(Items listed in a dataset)
=-=-=

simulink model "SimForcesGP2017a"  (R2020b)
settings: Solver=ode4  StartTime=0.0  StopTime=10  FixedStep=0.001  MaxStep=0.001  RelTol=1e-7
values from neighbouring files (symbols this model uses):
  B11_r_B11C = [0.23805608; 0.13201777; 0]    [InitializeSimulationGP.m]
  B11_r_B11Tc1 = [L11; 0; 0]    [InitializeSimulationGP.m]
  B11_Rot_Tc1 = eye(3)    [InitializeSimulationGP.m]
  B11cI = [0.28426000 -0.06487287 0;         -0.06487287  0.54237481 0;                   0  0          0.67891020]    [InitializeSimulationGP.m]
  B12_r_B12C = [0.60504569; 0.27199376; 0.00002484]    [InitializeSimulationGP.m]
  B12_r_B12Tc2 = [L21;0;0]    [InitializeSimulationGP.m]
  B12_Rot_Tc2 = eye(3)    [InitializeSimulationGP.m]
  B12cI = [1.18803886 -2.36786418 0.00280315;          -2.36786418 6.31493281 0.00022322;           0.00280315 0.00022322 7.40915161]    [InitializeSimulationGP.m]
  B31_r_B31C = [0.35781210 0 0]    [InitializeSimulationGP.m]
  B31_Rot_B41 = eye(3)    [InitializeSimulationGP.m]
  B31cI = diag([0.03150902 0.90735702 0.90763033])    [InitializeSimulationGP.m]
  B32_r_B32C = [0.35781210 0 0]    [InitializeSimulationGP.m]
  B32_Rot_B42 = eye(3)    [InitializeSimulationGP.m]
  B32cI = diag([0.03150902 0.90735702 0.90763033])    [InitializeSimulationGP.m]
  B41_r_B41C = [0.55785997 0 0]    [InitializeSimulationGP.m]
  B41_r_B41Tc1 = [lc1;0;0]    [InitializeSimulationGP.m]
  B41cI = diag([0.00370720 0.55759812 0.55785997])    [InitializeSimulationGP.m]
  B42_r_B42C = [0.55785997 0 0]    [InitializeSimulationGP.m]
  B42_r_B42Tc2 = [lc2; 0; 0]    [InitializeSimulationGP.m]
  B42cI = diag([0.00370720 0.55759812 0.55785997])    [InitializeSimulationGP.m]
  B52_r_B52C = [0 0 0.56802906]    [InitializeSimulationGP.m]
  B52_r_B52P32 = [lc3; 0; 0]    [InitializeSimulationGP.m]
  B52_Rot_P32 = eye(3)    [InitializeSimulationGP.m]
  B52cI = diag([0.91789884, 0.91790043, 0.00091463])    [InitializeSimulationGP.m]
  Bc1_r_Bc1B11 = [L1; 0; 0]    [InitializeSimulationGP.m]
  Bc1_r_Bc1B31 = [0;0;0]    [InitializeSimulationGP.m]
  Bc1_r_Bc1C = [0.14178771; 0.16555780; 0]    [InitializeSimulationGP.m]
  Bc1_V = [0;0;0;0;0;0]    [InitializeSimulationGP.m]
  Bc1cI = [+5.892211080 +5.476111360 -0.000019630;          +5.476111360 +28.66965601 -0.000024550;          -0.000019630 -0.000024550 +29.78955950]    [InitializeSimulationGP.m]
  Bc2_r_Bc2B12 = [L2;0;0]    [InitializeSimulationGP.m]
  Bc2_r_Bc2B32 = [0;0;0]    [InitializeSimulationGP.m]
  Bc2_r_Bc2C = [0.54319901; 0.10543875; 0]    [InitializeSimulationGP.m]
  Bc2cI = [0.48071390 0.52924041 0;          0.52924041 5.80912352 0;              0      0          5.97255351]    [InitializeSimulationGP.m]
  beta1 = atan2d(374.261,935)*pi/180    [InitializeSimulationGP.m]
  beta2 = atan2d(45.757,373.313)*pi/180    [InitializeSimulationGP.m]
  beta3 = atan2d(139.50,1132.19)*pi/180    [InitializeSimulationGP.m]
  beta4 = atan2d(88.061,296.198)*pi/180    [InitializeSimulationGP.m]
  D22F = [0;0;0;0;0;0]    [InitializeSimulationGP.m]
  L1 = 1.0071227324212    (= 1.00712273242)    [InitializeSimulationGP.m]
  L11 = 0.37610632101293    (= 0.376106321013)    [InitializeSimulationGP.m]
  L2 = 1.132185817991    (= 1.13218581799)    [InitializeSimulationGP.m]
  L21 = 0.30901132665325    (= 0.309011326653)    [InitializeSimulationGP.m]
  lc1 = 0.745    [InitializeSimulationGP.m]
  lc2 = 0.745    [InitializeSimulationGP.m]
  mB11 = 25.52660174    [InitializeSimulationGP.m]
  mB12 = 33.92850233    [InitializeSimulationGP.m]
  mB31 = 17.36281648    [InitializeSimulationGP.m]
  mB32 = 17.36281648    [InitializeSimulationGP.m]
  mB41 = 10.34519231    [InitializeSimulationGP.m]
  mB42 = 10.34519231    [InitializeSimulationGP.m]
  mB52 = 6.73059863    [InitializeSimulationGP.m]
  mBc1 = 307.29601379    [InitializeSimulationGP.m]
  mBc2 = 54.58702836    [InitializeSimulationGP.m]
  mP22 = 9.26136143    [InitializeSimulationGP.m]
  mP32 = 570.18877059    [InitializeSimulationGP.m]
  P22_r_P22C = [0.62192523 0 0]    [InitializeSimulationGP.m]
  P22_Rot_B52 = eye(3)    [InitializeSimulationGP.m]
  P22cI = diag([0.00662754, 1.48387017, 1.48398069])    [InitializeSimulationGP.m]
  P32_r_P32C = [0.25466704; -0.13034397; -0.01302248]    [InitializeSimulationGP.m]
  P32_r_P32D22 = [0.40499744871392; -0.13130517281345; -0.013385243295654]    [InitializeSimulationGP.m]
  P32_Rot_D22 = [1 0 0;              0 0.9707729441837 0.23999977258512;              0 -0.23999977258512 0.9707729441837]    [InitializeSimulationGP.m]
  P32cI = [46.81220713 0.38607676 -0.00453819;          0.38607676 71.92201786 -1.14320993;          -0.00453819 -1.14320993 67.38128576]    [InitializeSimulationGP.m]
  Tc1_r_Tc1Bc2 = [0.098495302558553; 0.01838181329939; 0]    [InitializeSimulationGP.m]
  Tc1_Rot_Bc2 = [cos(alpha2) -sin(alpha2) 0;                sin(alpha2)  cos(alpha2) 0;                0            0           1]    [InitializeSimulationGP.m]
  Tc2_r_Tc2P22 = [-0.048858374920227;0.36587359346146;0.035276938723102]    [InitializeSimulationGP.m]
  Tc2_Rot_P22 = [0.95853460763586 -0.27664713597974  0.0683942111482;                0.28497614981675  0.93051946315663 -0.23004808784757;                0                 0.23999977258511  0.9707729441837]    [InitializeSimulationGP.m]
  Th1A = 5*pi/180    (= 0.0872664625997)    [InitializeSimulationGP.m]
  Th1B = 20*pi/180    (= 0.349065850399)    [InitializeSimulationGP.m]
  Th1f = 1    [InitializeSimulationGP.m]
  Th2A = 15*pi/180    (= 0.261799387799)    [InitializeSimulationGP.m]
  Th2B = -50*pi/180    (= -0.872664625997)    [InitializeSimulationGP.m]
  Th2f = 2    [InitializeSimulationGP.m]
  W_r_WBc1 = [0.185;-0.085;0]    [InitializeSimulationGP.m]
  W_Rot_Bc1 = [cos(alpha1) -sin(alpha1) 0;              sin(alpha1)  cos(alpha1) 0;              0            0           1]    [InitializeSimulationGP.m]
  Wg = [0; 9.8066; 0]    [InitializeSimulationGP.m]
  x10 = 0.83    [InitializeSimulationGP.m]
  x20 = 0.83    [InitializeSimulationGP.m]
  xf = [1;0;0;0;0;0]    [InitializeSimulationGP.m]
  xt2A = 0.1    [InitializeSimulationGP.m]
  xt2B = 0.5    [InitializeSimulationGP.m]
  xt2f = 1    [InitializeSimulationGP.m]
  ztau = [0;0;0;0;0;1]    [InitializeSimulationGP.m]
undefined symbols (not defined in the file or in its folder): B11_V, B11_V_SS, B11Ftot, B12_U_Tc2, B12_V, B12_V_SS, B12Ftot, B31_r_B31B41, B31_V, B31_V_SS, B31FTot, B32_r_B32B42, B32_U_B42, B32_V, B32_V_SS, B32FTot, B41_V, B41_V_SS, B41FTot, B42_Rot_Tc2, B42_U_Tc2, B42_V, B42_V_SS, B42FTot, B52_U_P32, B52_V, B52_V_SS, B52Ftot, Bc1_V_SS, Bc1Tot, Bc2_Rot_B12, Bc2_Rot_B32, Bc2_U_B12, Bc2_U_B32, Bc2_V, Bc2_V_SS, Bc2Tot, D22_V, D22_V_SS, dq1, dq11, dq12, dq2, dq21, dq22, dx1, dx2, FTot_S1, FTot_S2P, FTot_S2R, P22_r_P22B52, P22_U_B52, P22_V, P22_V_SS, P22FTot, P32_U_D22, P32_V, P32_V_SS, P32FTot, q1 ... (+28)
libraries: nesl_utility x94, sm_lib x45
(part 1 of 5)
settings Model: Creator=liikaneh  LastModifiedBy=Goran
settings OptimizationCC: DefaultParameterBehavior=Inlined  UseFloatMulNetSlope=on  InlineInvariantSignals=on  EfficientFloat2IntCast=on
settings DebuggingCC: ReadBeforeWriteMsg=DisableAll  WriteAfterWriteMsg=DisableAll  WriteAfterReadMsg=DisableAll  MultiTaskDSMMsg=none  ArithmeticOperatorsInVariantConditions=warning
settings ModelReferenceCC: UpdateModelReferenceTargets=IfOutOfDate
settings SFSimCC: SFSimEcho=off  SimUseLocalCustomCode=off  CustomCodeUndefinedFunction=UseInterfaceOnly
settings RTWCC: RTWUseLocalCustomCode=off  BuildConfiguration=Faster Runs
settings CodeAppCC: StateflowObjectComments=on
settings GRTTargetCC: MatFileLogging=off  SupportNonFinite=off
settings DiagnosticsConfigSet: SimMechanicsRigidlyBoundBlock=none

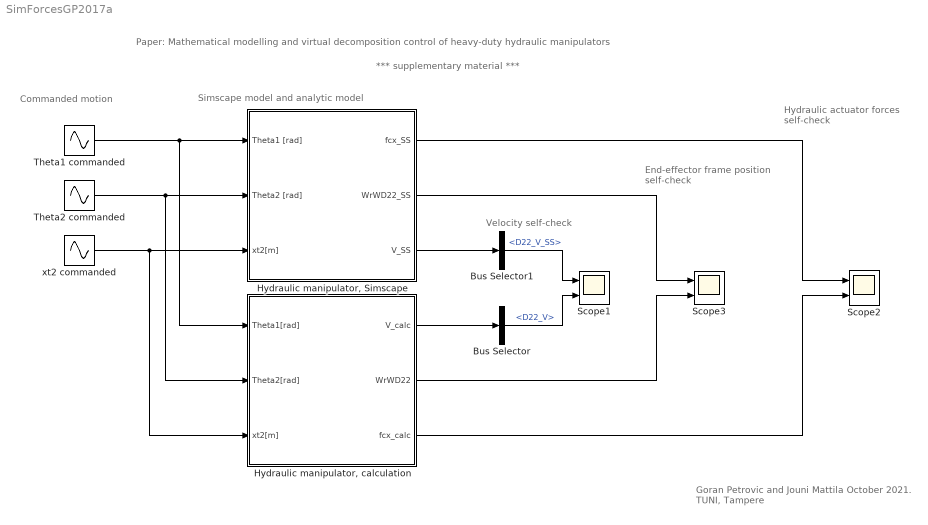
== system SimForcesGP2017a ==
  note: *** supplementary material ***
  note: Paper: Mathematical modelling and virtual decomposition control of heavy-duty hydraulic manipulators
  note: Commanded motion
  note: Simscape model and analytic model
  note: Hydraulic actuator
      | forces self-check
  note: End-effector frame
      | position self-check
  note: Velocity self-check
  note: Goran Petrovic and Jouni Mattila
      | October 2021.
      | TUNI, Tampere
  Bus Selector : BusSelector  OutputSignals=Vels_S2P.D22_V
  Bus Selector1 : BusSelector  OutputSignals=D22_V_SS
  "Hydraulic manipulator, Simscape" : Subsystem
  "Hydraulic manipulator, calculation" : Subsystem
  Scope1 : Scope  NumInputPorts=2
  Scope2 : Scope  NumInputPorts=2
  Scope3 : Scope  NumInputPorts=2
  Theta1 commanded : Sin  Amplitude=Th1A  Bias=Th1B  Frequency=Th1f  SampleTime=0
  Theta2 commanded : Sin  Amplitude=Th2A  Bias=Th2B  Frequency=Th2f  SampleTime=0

=-=-=

§ **TASK GOAL**: Return, word for word, the lines of the data above from the line with "L11 = 0.37610632101293" through the line with "lc1 = 0.745", inclusive.

§ **RESPONSE AREA**:
  L11 = 0.37610632101293    (= 0.376106321013)    [InitializeSimulationGP.m]
  L2 = 1.132185817991    (= 1.13218581799)    [InitializeSimulationGP.m]
  L21 = 0.30901132665325    (= 0.309011326653)    [InitializeSimulationGP.m]
  lc1 = 0.745    [InitializeSimulationGP.m]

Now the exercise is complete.